Japanese manga series by Ippon Takegushi

Candy Flurry (アメノフル, Ame no Furu) is a Japanese manga series written by Ippon Takegushi and illustrated by Santa Mitarashi. It was serialized in Shueisha's Weekly Shōnen Jump from April to September 2021, with its chapters collected into three tankōbon volumes.

==Premise==
The series follows Tsumugi Minase, a "sweets-user" who has the ability to control lollipops thanks to the Toy Toy Candy, a confection that gives those who eat it magical candy powers.

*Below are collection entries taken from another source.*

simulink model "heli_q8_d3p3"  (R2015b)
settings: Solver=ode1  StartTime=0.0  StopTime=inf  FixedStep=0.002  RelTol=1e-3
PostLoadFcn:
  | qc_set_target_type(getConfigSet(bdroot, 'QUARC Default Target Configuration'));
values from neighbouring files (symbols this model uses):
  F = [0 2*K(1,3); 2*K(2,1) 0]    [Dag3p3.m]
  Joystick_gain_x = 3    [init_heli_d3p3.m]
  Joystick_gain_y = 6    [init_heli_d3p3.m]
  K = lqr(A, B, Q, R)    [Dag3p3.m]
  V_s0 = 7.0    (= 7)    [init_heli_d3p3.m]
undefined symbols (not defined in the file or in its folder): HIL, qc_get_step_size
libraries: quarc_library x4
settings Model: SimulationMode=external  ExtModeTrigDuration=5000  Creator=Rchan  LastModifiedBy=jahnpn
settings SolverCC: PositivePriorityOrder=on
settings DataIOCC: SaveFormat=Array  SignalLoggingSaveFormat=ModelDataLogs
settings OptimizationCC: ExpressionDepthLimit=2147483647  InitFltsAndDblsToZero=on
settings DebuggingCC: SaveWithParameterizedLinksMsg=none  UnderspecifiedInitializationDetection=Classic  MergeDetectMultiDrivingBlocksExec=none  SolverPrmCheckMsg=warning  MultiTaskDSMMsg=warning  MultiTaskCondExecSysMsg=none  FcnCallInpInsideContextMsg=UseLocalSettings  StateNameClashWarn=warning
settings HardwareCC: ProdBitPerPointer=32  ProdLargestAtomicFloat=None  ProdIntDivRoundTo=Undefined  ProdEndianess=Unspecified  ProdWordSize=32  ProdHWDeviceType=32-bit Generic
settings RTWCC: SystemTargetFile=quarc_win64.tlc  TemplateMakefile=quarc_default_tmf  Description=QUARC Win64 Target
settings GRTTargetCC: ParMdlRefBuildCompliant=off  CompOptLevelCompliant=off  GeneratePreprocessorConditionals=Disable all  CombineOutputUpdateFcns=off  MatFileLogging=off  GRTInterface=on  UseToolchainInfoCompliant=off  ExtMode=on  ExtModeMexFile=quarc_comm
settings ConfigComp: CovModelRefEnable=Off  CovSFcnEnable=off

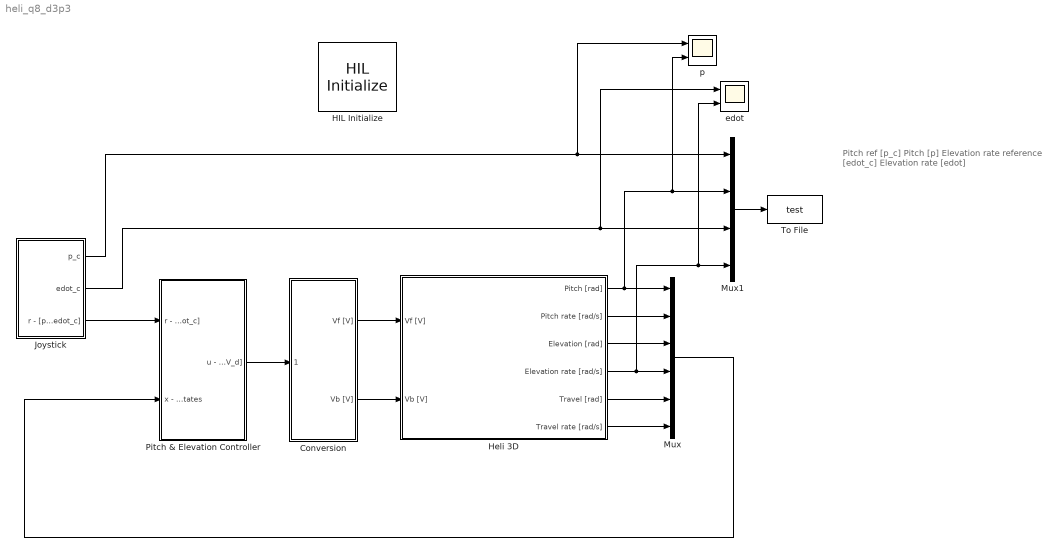
== system heli_q8_d3p3 ==
  note: Pitch ref [p_c]
      |
      |
      | Pitch [p]
      |
      |
      | Elevation rate reference [edot_c]
      |
      |
      | Elevation rate [edot]
  Conversion : Subsystem
  HIL Initialize : quarc_library/Data Acquisition/Generic/Configuration/HIL Initialize  Priority=-99  object_name=HIL-1  board_type=q8_usb  board_number=0  board_options=update_rate=normal;decimation=1  exclusive=off  active=off  hardware_clocks=[0:2]  clock_modes=[]  initial_clock_frequencies=[]  set_clock_params_at_start=off  set_clock_params_at_switch_in=off  set_clock_frequencies_at_start=off  set_clock_frequencies_at_switch_in=off  analog_input_channels=[0:7]  analog_input_maximums=10  analog_input_minimums=-10  set_analog_input_params_at_start=on  set_analog_input_params_at_switch_in=off  analog_output_channels=[0:7]  analog_output_maximums=10  analog_output_minimums=-10  initial_analog_outputs=[0]  final_analog_outputs=[0]  watchdog_analog_outputs=0  set_analog_output_params_at_start=on  set_analog_output_params_at_switch_in=off  set_analog_outputs_at_start=on  set_analog_outputs_at_switch_in=off  set_analog_outputs_at_terminate=on  set_analog_outputs_at_switch_out=off  set_analog_outputs_on_watchdog=off  digital_input_channels=[]  digital_output_channels=[]  digital_output_configuration=[]  initial_digital_outputs=[1]  final_digital_outputs=[1]  watchdog_digital_outputs=[1]  set_digital_output_params_at_start=off  set_digital_output_params_at_switch_in=off  set_digital_outputs_at_start=on  set_digital_outputs_at_switch_in=off  set_digital_outputs_at_terminate=on  set_digital_outputs_at_switch_out=off  set_digital_outputs_on_watchdog=off  encoder_channels=[0:7]  quadrature=[4]  encoder_filter_frequency=[]  initial_encoder_counts=[0]  set_encoder_params_at_start=on  set_encoder_params_at_switch_in=off  set_encoder_counts_at_start=on  set_encoder_counts_at_switch_in=off  pwm_channels=[0:7]  pwm_modes=0  pwm_frequency=99.532799999999995e6/4095  pwm_configuration=[0]  pwm_alignment=[0]  pwm_polarity=[1]  pwm_leading_deadband=[0]  pwm_trailing_deadband=[0]  initial_pwm_outputs=[0]  final_pwm_outputs=[0]  watchdog_pwm_outputs=[0]  set_pwm_params_at_start=on  set_pwm_params_at_switch_in=off  set_pwm_outputs_at_start=on  set_pwm_outputs_at_switch_in=off  set_pwm_outputs_at_terminate=on  set_pwm_outputs_at_switch_out=off  set_pwm_outputs_on_watchdog=off  other_output_channels=[]  initial_other_outputs=[]  final_other_outputs=[]  watchdog_other_outputs=[]  set_other_outputs_at_start=off  set_other_outputs_at_switch_in=off  set_other_outputs_at_terminate=off  set_other_outputs_at_switch_out=off  set_other_outputs_on_watchdog=off
  Heli 3D : Subsystem
  Joystick : Subsystem
  Mux : Mux  Inputs=6
  Mux1 : Mux
  Pitch & Elevation Controller : Subsystem
  To File : ToFile  Filename=test  MatrixName=test
  edot : Scope  NumInputPorts=2
  p : Scope  NumInputPorts=2
  wires:
  Conversion/2(Vb [V]) -> Heli 3D/2(Vb [V])
  Conversion/1(Vf [V]) -> Heli 3D/1(Vf [V])
  Mux/1 -> Pitch & Elevation Controller/2(x - 6 states)
  Mux1/1 -> To File/1
  Pitch & Elevation Controller/1("u - [V_s, V_d]") -> Conversion/1(u - [Vs,Vd])
  Heli 3D/6(Travel rate [rad/s]) -> Mux/6
  Heli 3D/5(Travel [rad]) -> Mux/5
  Heli 3D/4(Elevation rate [rad/s]) -> Mux/4, edot/2, Mux1/4
  Heli 3D/3(Elevation [rad]) -> Mux/3
  Heli 3D/2(Pitch rate [rad/s]) -> Mux/2
  Heli 3D/1(Pitch [rad]) -> p/2, Mux1/2, Mux/1
  Joystick/3("r - [p_c, edot_c]") -> Pitch & Elevation Controller/1("r - [p_c, edot_c]")
  Joystick/2(edot_c) -> edot/1, Mux1/3
  Joystick/1(p_c) -> p/1, Mux1/1

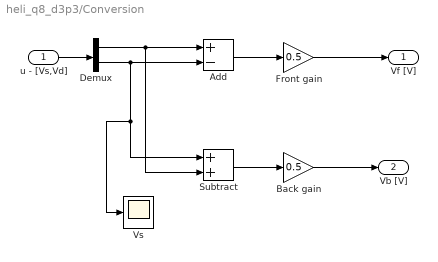
== system heli_q8_d3p3/Conversion ==
  u - [Vs,Vd] : Inport
  Add : Sum  Inputs=+-
  Back gain : Gain  Gain=0.5
  Demux : Demux  Outputs=2
  Front gain : Gain  Gain=0.5
  Subtract : Sum
  Vs : Scope
  Vf [V] : Outport
  Vb [V] : Outport  Port=2
  wires:
  Demux/2 -> Vs/1, Subtract/1, Add/2
  Subtract/1 -> Back gain/1
  Back gain/1 -> Vb [V]/1
  Add/1 -> Front gain/1
  Front gain/1 -> Vf [V]/1
  Demux/1 -> Add/1, Subtract/2
  u - [Vs,Vd]/1 -> Demux/1

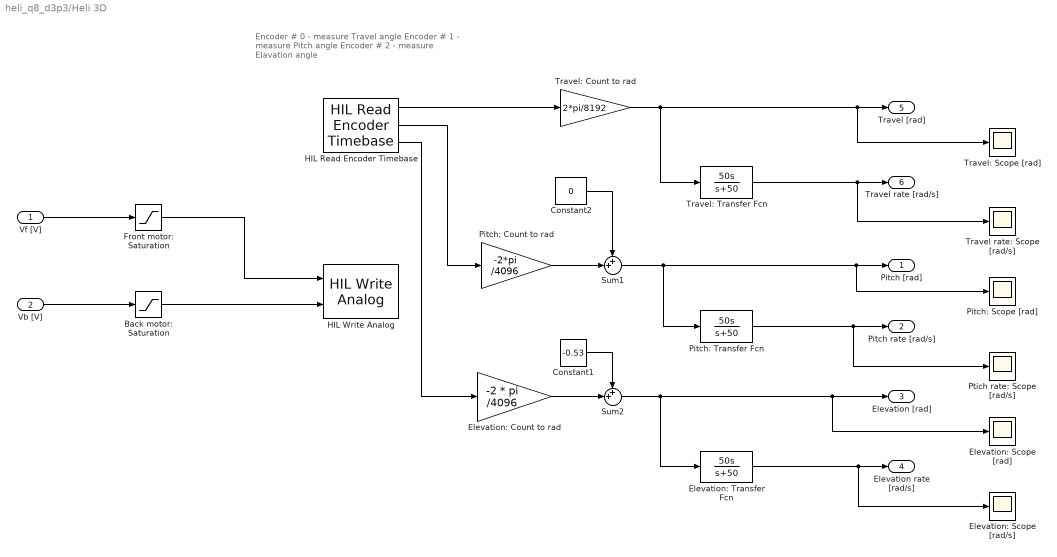
== system heli_q8_d3p3/Heli 3D ==
  note: Encoder # 0 - measure Travel angle
      | Encoder # 1 - measure Pitch angle
      | Encoder # 2 - measure Elavation angle
  Vf [V] : Inport
  Vb [V] : Inport  Port=2
  Back motor: Saturation : Saturate  UpperLimit=5  LowerLimit=-5
  Constant1 : Constant  Value=-0.53
  Constant2 : Constant  Value=0
  Elevation: Count to rad : Gain  Gain=-2 * pi /4096
  Elevation: Scope [rad/s] : Scope
  Elevation: Scope [rad] : Scope
  Elevation: Transfer Fcn : TransferFcn  Numerator=[50 0]  Denominator=[1 50]
  Front motor: Saturation : Saturate  UpperLimit=5  LowerLimit=-5
  HIL Read Encoder Timebase : quarc_library/Data Acquisition/Generic/Timebases/HIL Read Encoder Timebase  object_name=HIL-1  clock=0  channels=[0:2]  samples_in_buffer=max(ceil(1/qc_get_step_size), 1)  active=on  vector_output=off  data_type_mode=Inherit via back propagation  data_type=double
  HIL Write Analog : quarc_library/Data Acquisition/Generic/Immediate I//O/HIL Write Analog  object_name=HIL-1  channels=[0:1]  sample_time=-1  active=off  vector_input=off
  Pitch: Count to rad : Gain  Gain=-2*pi /4096
  Pitch: Scope [rad] : Scope
  Pitch: Transfer Fcn : TransferFcn  Numerator=[50 0]  Denominator=[1 50]
  Ptich rate: Scope [rad/s] : Scope
  Sum1 : Sum  Inputs=++|
  Sum2 : Sum  Inputs=++|
  Travel rate: Scope [rad/s] : Scope
  Travel: Count to rad : Gain  Gain=2*pi/8192
  Travel: Scope [rad] : Scope
  Travel: Transfer Fcn : TransferFcn  Numerator=[50 0]  Denominator=[1 50]
  Pitch [rad] : Outport
  Pitch rate [rad/s] : Outport  Port=2
  Elevation [rad] : Outport  Port=3
  Elevation rate [rad/s] : Outport  Port=4
  Travel [rad] : Outport  Port=5
  Travel rate [rad/s] : Outport  Port=6
  wires:
  Travel: Count to rad/1 -> Travel: Scope [rad]/1, Travel [rad]/1, Travel: Transfer Fcn/1
  Travel: Transfer Fcn/1 -> Travel rate: Scope [rad/s]/1, Travel rate [rad/s]/1
  Pitch: Transfer Fcn/1 -> Ptich rate: Scope [rad/s]/1, Pitch rate [rad/s]/1
  Elevation: Transfer Fcn/1 -> Elevation: Scope [rad/s]/1, Elevation rate [rad/s]/1
  Vf [V]/1 -> Front motor: Saturation/1
  Vb [V]/1 -> Back motor: Saturation/1
  Front motor: Saturation/1 -> HIL Write Analog/1
  Back motor: Saturation/1 -> HIL Write Analog/2
  HIL Read Encoder Timebase/1 -> Travel: Count to rad/1
  HIL Read Encoder Timebase/3 -> Elevation: Count to rad/1
  Elevation: Count to rad/1 -> Sum2/2
  Constant1/1 -> Sum2/1
  Sum2/1 -> Elevation: Scope [rad]/1, Elevation [rad]/1, Elevation: Transfer Fcn/1
  Constant2/1 -> Sum1/1
  Pitch: Count to rad/1 -> Sum1/2
  Sum1/1 -> Pitch: Transfer Fcn/1, Pitch: Scope [rad]/1, Pitch [rad]/1
  HIL Read Encoder Timebase/2 -> Pitch: Count to rad/1

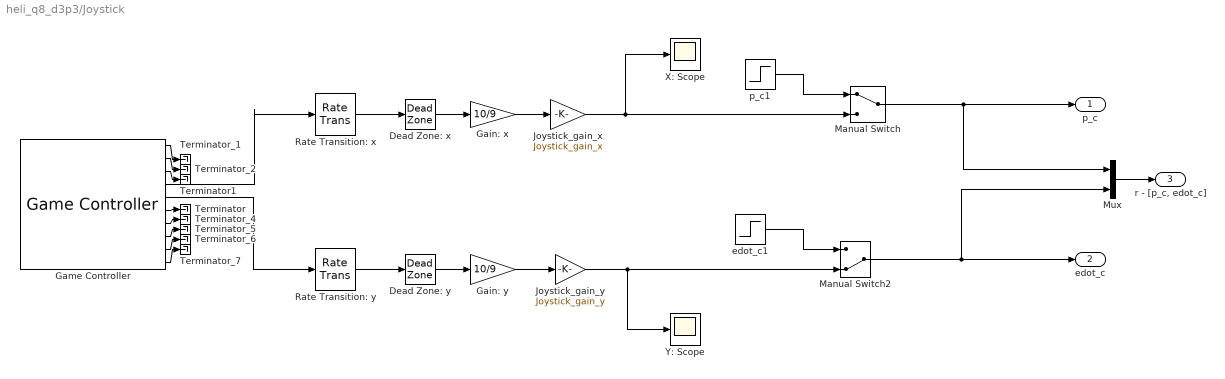
== system heli_q8_d3p3/Joystick ==
  Dead Zone: x : DeadZone  LowerValue=-0.1  UpperValue=0.1  SaturateOnIntegerOverflow=on
  Dead Zone: y : DeadZone  LowerValue=-0.1  UpperValue=0.1  SaturateOnIntegerOverflow=on
  Gain: x : Gain  Gain=10/9
  Gain: y : Gain  Gain=10/9
  Game Controller : quarc_library/Devices/Peripherals/Target/Game Controller  controller=1  buffer_size=12  deadzone=[]  saturation=[]  sample_time=max(qc_get_step_size, 0.01)  auto_center=off  enabled=on
  Joystick_gain_x : Gain  Gain=Joystick_gain_x
  Joystick_gain_y : Gain  Gain=Joystick_gain_y
  Manual Switch : ManualSwitch
  Manual Switch2 : ManualSwitch  CurrentSetting=0
  Mux : Mux  Inputs=2
  Rate Transition: x : RateTransition
  Rate Transition: y : RateTransition
  Terminator : Terminator
  Terminator1 : Terminator
  Terminator_{1..2,4..7} (6 alike) : Terminator
  X: Scope : Scope
  Y: Scope : Scope
  edot_c1 : Step  Time=5  Before=-0.1  After=0.3  SampleTime=0
  p_c1 : Step  Time=5  Before=-0.2  After=0.4  SampleTime=0
  p_c : Outport
  edot_c : Outport  Port=2
  "r - [p_c, edot_c]" : Outport  Port=3
  wires:
  Rate Transition: y/1 -> Dead Zone: y/1
  Rate Transition: x/1 -> Dead Zone: x/1
  Game Controller/5 -> Rate Transition: y/1
  Game Controller/4 -> Rate Transition: x/1
  Game Controller/1 -> Terminator_1/1
  Game Controller/2 -> Terminator_2/1
  Game Controller/7 -> Terminator_4/1
  Game Controller/8 -> Terminator_5/1
  Game Controller/9 -> Terminator_6/1
  Game Controller/10 -> Terminator_7/1
  Game Controller/3 -> Terminator1/1
  Game Controller/6 -> Terminator/1
  Dead Zone: x/1 -> Gain: x/1
  Dead Zone: y/1 -> Gain: y/1
  Gain: x/1 -> Joystick_gain_x/1
  Gain: y/1 -> Joystick_gain_y/1
  Joystick_gain_x/1 -> Manual Switch/2, X: Scope/1
  Joystick_gain_y/1 -> Manual Switch2/2, Y: Scope/1
  Mux/1 -> "r - [p_c, edot_c]"/1
  edot_c1/1 -> Manual Switch2/1
  p_c1/1 -> Manual Switch/1
  Manual Switch2/1 -> edot_c/1, Mux/2
  Manual Switch/1 -> Mux/1, p_c/1

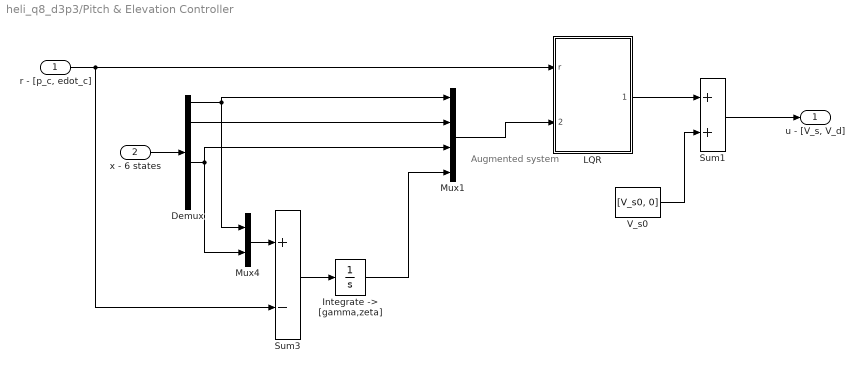
== system heli_q8_d3p3/Pitch & Elevation Controller ==
  note: Augmented
      | system
  "r - [p_c, edot_c]" : Inport
  x - 6 states : Inport  Port=2
  Demux : Demux  Outputs=6
  "Integrate -> [gamma,zeta]" : Integrator
  LQR : Subsystem
  Mux1 : Mux
  Mux4 : Mux  Inputs=2
  Sum1 : Sum  SaturateOnIntegerOverflow=on  InputSameDT=on  OutDataTypeStr=Inherit: Same as first input
  Sum3 : Sum  Inputs=+-  SaturateOnIntegerOverflow=on  InputSameDT=on  OutDataTypeStr=Inherit: Same as first input
  V_s0 : Constant  Value=[V_s0, 0]
  "u - [V_s, V_d]" : Outport
  wires:
  Sum1/1 -> "u - [V_s, V_d]"/1
  "r - [p_c, edot_c]"/1 -> Sum3/2, LQR/1(r)
  V_s0/1 -> Sum1/2
  LQR/1("[~V_s,V_d]") -> Sum1/1
  x - 6 states/1 -> Demux/1
  Demux/1 -> Mux1/1, Mux4/1
  Demux/2 -> Mux1/2
  Demux/4 -> Mux4/2, Mux1/3
  Mux1/1 -> LQR/2(x - 5 states)
  Sum3/1 -> "Integrate -> [gamma,zeta]"/1
  Mux4/1 -> Sum3/1
  "Integrate -> [gamma,zeta]"/1 -> Mux1/4

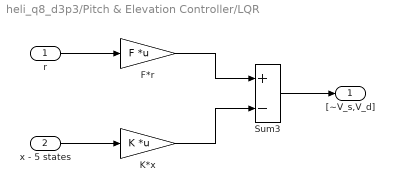
== system heli_q8_d3p3/Pitch & Elevation Controller/LQR ==
  r : Inport
  x - 5 states : Inport  Port=2
  F*r : Gain  Gain=F  Multiplication=Matrix(K*u)
  K*x : Gain  Gain=K  Multiplication=Matrix(K*u)
  Sum3 : Sum  Inputs=+-  SaturateOnIntegerOverflow=on  InputSameDT=on  OutDataTypeStr=Inherit: Same as first input
  "[~V_s,V_d]" : Outport  InitialOutput=0
  wires:
  Sum3/1 -> "[~V_s,V_d]"/1
  r/1 -> F*r/1
  x - 5 states/1 -> K*x/1
  F*r/1 -> Sum3/1
  K*x/1 -> Sum3/2

However, a lollipop candy user destroyed the city of Tokyo five years ago, therefore she must keep her ability a secret.

==Publication==
Candy Flurry is written by Ippon Takegushi and illustrated by Santa Mitarashi. The series was serialized in Shueisha's Weekly Shōnen Jump from April 19 to September 13, 2021. Shueisha collected its chapters into three tankōbon volumes, released from August 4 to December 3, 2021.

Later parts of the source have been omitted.